I think it is some kind of ridiculous number like 30 losses.


You need to learn english before posting on an english message board.


----------



## Amareca

> Originally posted by <b>crash2002</b>!
> 
> Evev amare's idol is being outplayed by yao two times.(who did it,except dream?)
> why quote ur idol's idol's little brother 's word.



Amare had 25/12/3/2 against Shaq the last game
Shaq had 19/5/1/4 and Amare drew 5 fouls on Shaq, without the refs Shaq would have fouled out shortly after halftime but they saved him when he had 4 fouls at the beginning of the third all drawn by Amare.


----------



## crash2002

> Originally posted by <b>#1SUNFAN</b>!
> You say you want to give respet for amare, yet in every post you have ever made regarding him all you do is bash him. Whenever he has a good game, you make fun of him, when he doesn't play in the fourth quarter you say thats when he gets all his points.


i want to give respect for amare,But ,there is something named bigamare just ruined my wish.

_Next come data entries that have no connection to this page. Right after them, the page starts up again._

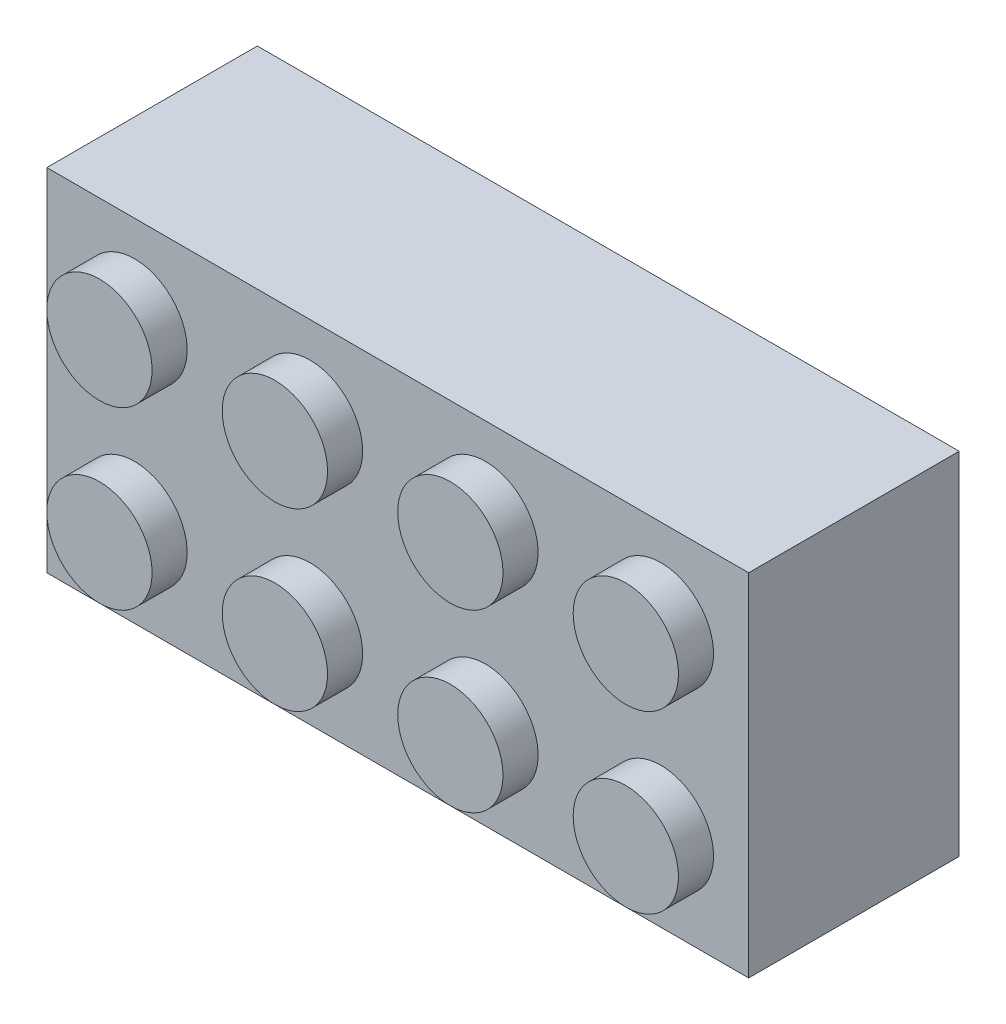
ISO-10303-21;
HEADER;
FILE_DESCRIPTION(('STEP AP214'),'2;1');
FILE_NAME('part.step','',(''),(''),'','','');
FILE_SCHEMA(('AUTOMOTIVE_DESIGN { 1 0 10303 214 1 1 1 1 }'));
ENDSEC;
DATA;
#1=APPLICATION_CONTEXT('core data for automotive mechanical design processes');
#2=APPLICATION_PROTOCOL_DEFINITION('international standard','automotive_design',2000,#1);
#3=PRODUCT_CONTEXT('',#1,'mechanical');
#4=PRODUCT('Part','Part','',(#3));
#5=PRODUCT_RELATED_PRODUCT_CATEGORY('part','',(#4));
#6=PRODUCT_DEFINITION_FORMATION('','',#4);
#7=PRODUCT_DEFINITION_CONTEXT('part definition',#1,'design');
#8=PRODUCT_DEFINITION('design','',#6,#7);
#9=PRODUCT_DEFINITION_SHAPE('','',#8);
#10=(LENGTH_UNIT() NAMED_UNIT(*) SI_UNIT(.MILLI.,.METRE.));
#11=(NAMED_UNIT(*) PLANE_ANGLE_UNIT() SI_UNIT($,.RADIAN.));
#12=(NAMED_UNIT(*) SI_UNIT($,.STERADIAN.) SOLID_ANGLE_UNIT());
#13=UNCERTAINTY_MEASURE_WITH_UNIT(LENGTH_MEASURE(1.E-05),#10,'distance_accuracy_value','');
#14=(GEOMETRIC_REPRESENTATION_CONTEXT(3) GLOBAL_UNCERTAINTY_ASSIGNED_CONTEXT((#13)) GLOBAL_UNIT_ASSIGNED_CONTEXT((#10,
#11,#12)) REPRESENTATION_CONTEXT('',''));
#15=CARTESIAN_POINT('',(0.,0.,0.));
#16=DIRECTION('',(0.,0.,1.));
#17=DIRECTION('',(1.,0.,0.));
#18=AXIS2_PLACEMENT_3D('',#15,#16,#17);
#19=CARTESIAN_POINT('',(23.8125,7.9375,0.));
#20=DIRECTION('',(0.,0.,1.));
#21=DIRECTION('',(1.,0.,0.));
#22=AXIS2_PLACEMENT_3D('',#19,#20,#21);
#23=CYLINDRICAL_SURFACE('',#22,3.175);
#24=CARTESIAN_POINT('',(23.8125,7.9375,0.));
#25=DIRECTION('',(0.,0.,-1.));
#26=DIRECTION('',(-1.,0.,0.));
#27=AXIS2_PLACEMENT_3D('',#24,#25,#26);
#28=CIRCLE('',#27,3.175);
#29=CARTESIAN_POINT('',(20.6375,7.9375,0.));
#30=VERTEX_POINT('',#29);
#31=EDGE_CURVE('E11',#30,#30,#28,.T.);
#32=ORIENTED_EDGE('',*,*,#31,.F.);
#33=EDGE_LOOP('',(#32));
#34=FACE_BOUND('',#33,.T.);
#35=CARTESIAN_POINT('',(23.8125,7.9375,7.9375));
#36=DIRECTION('',(0.,0.,-1.));
#37=DIRECTION('',(-1.,0.,0.));
#38=AXIS2_PLACEMENT_3D('',#35,#36,#37);
#39=CIRCLE('',#38,3.175);
#40=CARTESIAN_POINT('',(20.6375,7.9375,7.9375));
#41=VERTEX_POINT('',#40);
#42=EDGE_CURVE('E43',#41,#41,#39,.T.);
#43=ORIENTED_EDGE('',*,*,#42,.T.);
#44=EDGE_LOOP('',(#43));
#45=FACE_BOUND('',#44,.T.);
#46=ADVANCED_FACE('F40',(#34,#45),#23,.T.);
#47=CARTESIAN_POINT('',(23.8125,7.9375,0.));
#48=DIRECTION('',(0.,0.,-1.));
#49=DIRECTION('',(-1.,0.,0.));
#50=AXIS2_PLACEMENT_3D('',#47,#48,#49);
#51=PLANE('',#50);
#52=CARTESIAN_POINT('',(23.8125,7.9375,0.));
#53=DIRECTION('',(0.,0.,-1.));
#54=DIRECTION('',(-1.,0.,0.));
#55=AXIS2_PLACEMENT_3D('',#52,#53,#54);
#56=CIRCLE('',#55,2.38125);
#57=CARTESIAN_POINT('',(21.43125,7.9375,0.));
#58=VERTEX_POINT('',#57);
#59=EDGE_CURVE('E50',#58,#58,#56,.T.);
#60=ORIENTED_EDGE('',*,*,#59,.F.);
#61=EDGE_LOOP('',(#60));
#62=FACE_BOUND('',#61,.T.);
#63=ORIENTED_EDGE('',*,*,#31,.T.);
#64=EDGE_LOOP('',(#63));
#65=FACE_BOUND('',#64,.T.);
#66=ADVANCED_FACE('F70',(#62,#65),#51,.T.);
#67=CARTESIAN_POINT('',(23.8125,7.9375,7.9375));
#68=DIRECTION('',(0.,0.,-1.));
#69=DIRECTION('',(-1.,0.,0.));
#70=AXIS2_PLACEMENT_3D('',#67,#68,#69);
#71=PLANE('',#70);
#72=ORIENTED_EDGE('',*,*,#42,.F.);
#73=EDGE_LOOP('',(#72));
#74=FACE_BOUND('',#73,.T.);
#75=ADVANCED_FACE('F62',(#74),#71,.F.);
#76=CARTESIAN_POINT('',(23.8125,7.9375,0.));
#77=DIRECTION('',(0.,0.,1.));
#78=DIRECTION('',(1.,0.,0.));
#79=AXIS2_PLACEMENT_3D('',#76,#77,#78);
#80=CYLINDRICAL_SURFACE('',#79,2.38125);
#81=ORIENTED_EDGE('',*,*,#59,.T.);
#82=EDGE_LOOP('',(#81));
#83=FACE_BOUND('',#82,.T.);
#84=CARTESIAN_POINT('',(23.8125,7.9375,7.14375));
#85=DIRECTION('',(0.,0.,-1.));
#86=DIRECTION('',(-1.,0.,0.));
#87=AXIS2_PLACEMENT_3D('',#84,#85,#86);
#88=CIRCLE('',#87,2.38125);
#89=CARTESIAN_POINT('',(21.43125,7.9375,7.14375));
#90=VERTEX_POINT('',#89);
#91=EDGE_CURVE('E54',#90,#90,#88,.T.);
#92=ORIENTED_EDGE('',*,*,#91,.F.);
#93=EDGE_LOOP('',(#92));
#94=FACE_BOUND('',#93,.T.);
#95=ADVANCED_FACE('F60',(#83,#94),#80,.F.);
#96=CARTESIAN_POINT('',(23.8125,7.9375,7.14375));
#97=DIRECTION('',(0.,0.,-1.));
#98=DIRECTION('',(-1.,0.,0.));
#99=AXIS2_PLACEMENT_3D('',#96,#97,#98);
#100=PLANE('',#99);
#101=ORIENTED_EDGE('',*,*,#91,.T.);
#102=EDGE_LOOP('',(#101));
#103=FACE_BOUND('',#102,.T.);
#104=ADVANCED_FACE('F58',(#103),#100,.T.);
#105=CLOSED_SHELL('',(#46,#66,#75,#95,#104));
#106=MANIFOLD_SOLID_BREP('B2',#105);
#107=CARTESIAN_POINT('',(0.,0.,7.9375));
#108=DIRECTION('',(0.,0.,-1.));
#109=DIRECTION('',(-1.,0.,0.));
#110=AXIS2_PLACEMENT_3D('',#107,#108,#109);
#111=PLANE('',#110);
#112=CARTESIAN_POINT('',(15.875,7.9375,7.9375));
#113=DIRECTION('',(0.,0.,-1.));
#114=DIRECTION('',(-1.,0.,0.));
#115=AXIS2_PLACEMENT_3D('',#112,#113,#114);
#116=CIRCLE('',#115,3.175);
#117=CARTESIAN_POINT('',(12.7,7.9375,7.9375));
#118=VERTEX_POINT('',#117);
#119=EDGE_CURVE('E826',#118,#118,#116,.T.);
#120=ORIENTED_EDGE('',*,*,#119,.F.);
#121=EDGE_LOOP('',(#120));
#122=FACE_BOUND('',#121,.T.);
#123=CARTESIAN_POINT('',(3.96875,11.90625,7.9375));
#124=DIRECTION('',(0.,0.,-1.));
#125=DIRECTION('',(-1.,0.,0.));
#126=AXIS2_PLACEMENT_3D('',#123,#124,#125);
#127=CIRCLE('',#126,0.79375);
#128=CARTESIAN_POINT('',(3.175,11.90625,7.9375));
#129=VERTEX_POINT('',#128);
#130=EDGE_CURVE('E214',#129,#129,#127,.F.);
#131=ORIENTED_EDGE('',*,*,#130,.T.);
#132=EDGE_LOOP('',(#131));
#133=FACE_BOUND('',#132,.T.);
#134=DIRECTION('',(0.,-1.,0.));
#135=VECTOR('',#134,1.);
#136=CARTESIAN_POINT('',(1.5875,0.,7.9375));
#137=LINE('',#136,#135);
#138=CARTESIAN_POINT('',(1.5875,14.2875,7.9375));
#139=VERTEX_POINT('',#138);
#140=CARTESIAN_POINT('',(1.5875,1.5875,7.9375));
#141=VERTEX_POINT('',#140);
#142=EDGE_CURVE('E196',#139,#141,#137,.T.);
#143=ORIENTED_EDGE('',*,*,#142,.F.);
#144=DIRECTION('',(-1.,0.,0.));
#145=VECTOR('',#144,1.);
#146=CARTESIAN_POINT('',(0.,14.2875,7.9375));
#147=LINE('',#146,#145);
#148=CARTESIAN_POINT('',(30.1625,14.2875,7.9375));
#149=VERTEX_POINT('',#148);
#150=EDGE_CURVE('E204',#149,#139,#147,.T.);
#151=ORIENTED_EDGE('',*,*,#150,.F.);
#152=DIRECTION('',(0.,1.,0.));
#153=VECTOR('',#152,1.);
#154=CARTESIAN_POINT('',(30.1625,0.,7.9375));
#155=LINE('',#154,#153);
#156=CARTESIAN_POINT('',(30.1625,1.5875,7.9375));
#157=VERTEX_POINT('',#156);
#158=EDGE_CURVE('E195',#157,#149,#155,.T.);
#159=ORIENTED_EDGE('',*,*,#158,.F.);
#160=DIRECTION('',(1.,0.,0.));
#161=VECTOR('',#160,1.);
#162=CARTESIAN_POINT('',(0.,1.5875,7.9375));
#163=LINE('',#162,#161);
#164=EDGE_CURVE('E185',#141,#157,#163,.T.);
#165=ORIENTED_EDGE('',*,*,#164,.F.);
#166=EDGE_LOOP('',(#143,#151,#159,#165));
#167=FACE_BOUND('',#166,.T.);
#168=CARTESIAN_POINT('',(3.96875,3.96875,7.9375));
#169=DIRECTION('',(0.,0.,-1.));
#170=DIRECTION('',(-1.,0.,0.));
#171=AXIS2_PLACEMENT_3D('',#168,#169,#170);
#172=CIRCLE('',#171,0.79375);
#173=CARTESIAN_POINT('',(3.175,3.96875,7.9375));
#174=VERTEX_POINT('',#173);
#175=EDGE_CURVE('E210',#174,#174,#172,.F.);
#176=ORIENTED_EDGE('',*,*,#175,.T.);
#177=EDGE_LOOP('',(#176));
#178=FACE_BOUND('',#177,.T.);
#179=CARTESIAN_POINT('',(11.90625,11.90625,7.9375));
#180=DIRECTION('',(0.,0.,-1.));
#181=DIRECTION('',(-1.,0.,0.));
#182=AXIS2_PLACEMENT_3D('',#179,#180,#181);
#183=CIRCLE('',#182,0.79375);
#184=CARTESIAN_POINT('',(11.1125,11.90625,7.9375));
#185=VERTEX_POINT('',#184);
#186=EDGE_CURVE('E213',#185,#185,#183,.F.);
#187=ORIENTED_EDGE('',*,*,#186,.T.);
#188=EDGE_LOOP('',(#187));
#189=FACE_BOUND('',#188,.T.);
#190=CARTESIAN_POINT('',(11.90625,3.96875,7.9375));
#191=DIRECTION('',(0.,0.,-1.));
#192=DIRECTION('',(-1.,0.,0.));
#193=AXIS2_PLACEMENT_3D('',#190,#191,#192);
#194=CIRCLE('',#193,0.79375);
#195=CARTESIAN_POINT('',(11.1125,3.96875,7.9375));
#196=VERTEX_POINT('',#195);
#197=EDGE_CURVE('E218',#196,#196,#194,.F.);
#198=ORIENTED_EDGE('',*,*,#197,.T.);
#199=EDGE_LOOP('',(#198));
#200=FACE_BOUND('',#199,.T.);
#201=CARTESIAN_POINT('',(19.84375,11.90625,7.9375));
#202=DIRECTION('',(0.,0.,-1.));
#203=DIRECTION('',(-1.,0.,0.));
#204=AXIS2_PLACEMENT_3D('',#201,#202,#203);
#205=CIRCLE('',#204,0.79375);
#206=CARTESIAN_POINT('',(19.05,11.90625,7.9375));
#207=VERTEX_POINT('',#206);
#208=EDGE_CURVE('E222',#207,#207,#205,.F.);
#209=ORIENTED_EDGE('',*,*,#208,.T.);
#210=EDGE_LOOP('',(#209));
#211=FACE_BOUND('',#210,.T.);
#212=CARTESIAN_POINT('',(19.84375,3.96875,7.9375));
#213=DIRECTION('',(0.,0.,-1.));
#214=DIRECTION('',(-1.,0.,0.));
#215=AXIS2_PLACEMENT_3D('',#212,#213,#214);
#216=CIRCLE('',#215,0.79375);
#217=CARTESIAN_POINT('',(19.05,3.96875,7.9375));
#218=VERTEX_POINT('',#217);
#219=EDGE_CURVE('E226',#218,#218,#216,.F.);
#220=ORIENTED_EDGE('',*,*,#219,.T.);
#221=EDGE_LOOP('',(#220));
#222=FACE_BOUND('',#221,.T.);
#223=CARTESIAN_POINT('',(27.78125,11.90625,7.9375));
#224=DIRECTION('',(0.,0.,-1.));
#225=DIRECTION('',(-1.,0.,0.));
#226=AXIS2_PLACEMENT_3D('',#223,#224,#225);
#227=CIRCLE('',#226,0.79375);
#228=CARTESIAN_POINT('',(26.9875,11.90625,7.9375));
#229=VERTEX_POINT('',#228);
#230=EDGE_CURVE('E230',#229,#229,#227,.F.);
#231=ORIENTED_EDGE('',*,*,#230,.T.);
#232=EDGE_LOOP('',(#231));
#233=FACE_BOUND('',#232,.T.);
#234=CARTESIAN_POINT('',(27.78125,3.96875,7.9375));
#235=DIRECTION('',(0.,0.,-1.));
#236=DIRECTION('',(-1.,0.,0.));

"Whenever he has a good game, you make fun of him"
No ,i didnt.i just tired of bigamare 's sick show when amare
just got a just so so game.

I am happy when amare is killing Martin(just because Martin show no repect for Zo. 
The truth: amare will be a great play;the truth amare always padding his stat in garbage time (fact)

I want respect amare more ,if he show class more.
Hope u got it.


----------



## Amareca

> Originally posted by <b>crash2002</b>!
> The truth: amare will be a great play;the truth amare always padding his stat in garbage time (fact)
> .


You can't spell and don't know facts. (fact)

And here are more facts.

Phoenix WON and Amare made clutch plays. 

Phoenix WON the series 3-1.

Amare beat Yao for ROY.

Most of Yao's points tonight came off of offensive rebounds. That's the truth. 
Yao was a garbage men something Rockets fans used as a lame argument a trillion times at least.


----------



## crash2002

Dear Bigamare,pls answer me.
"
Dallas 113, Phoenix 90.blow out amare 40 mins

Utah 99, Phoenix 90 down by 10pts 55sec left amare is still in the court.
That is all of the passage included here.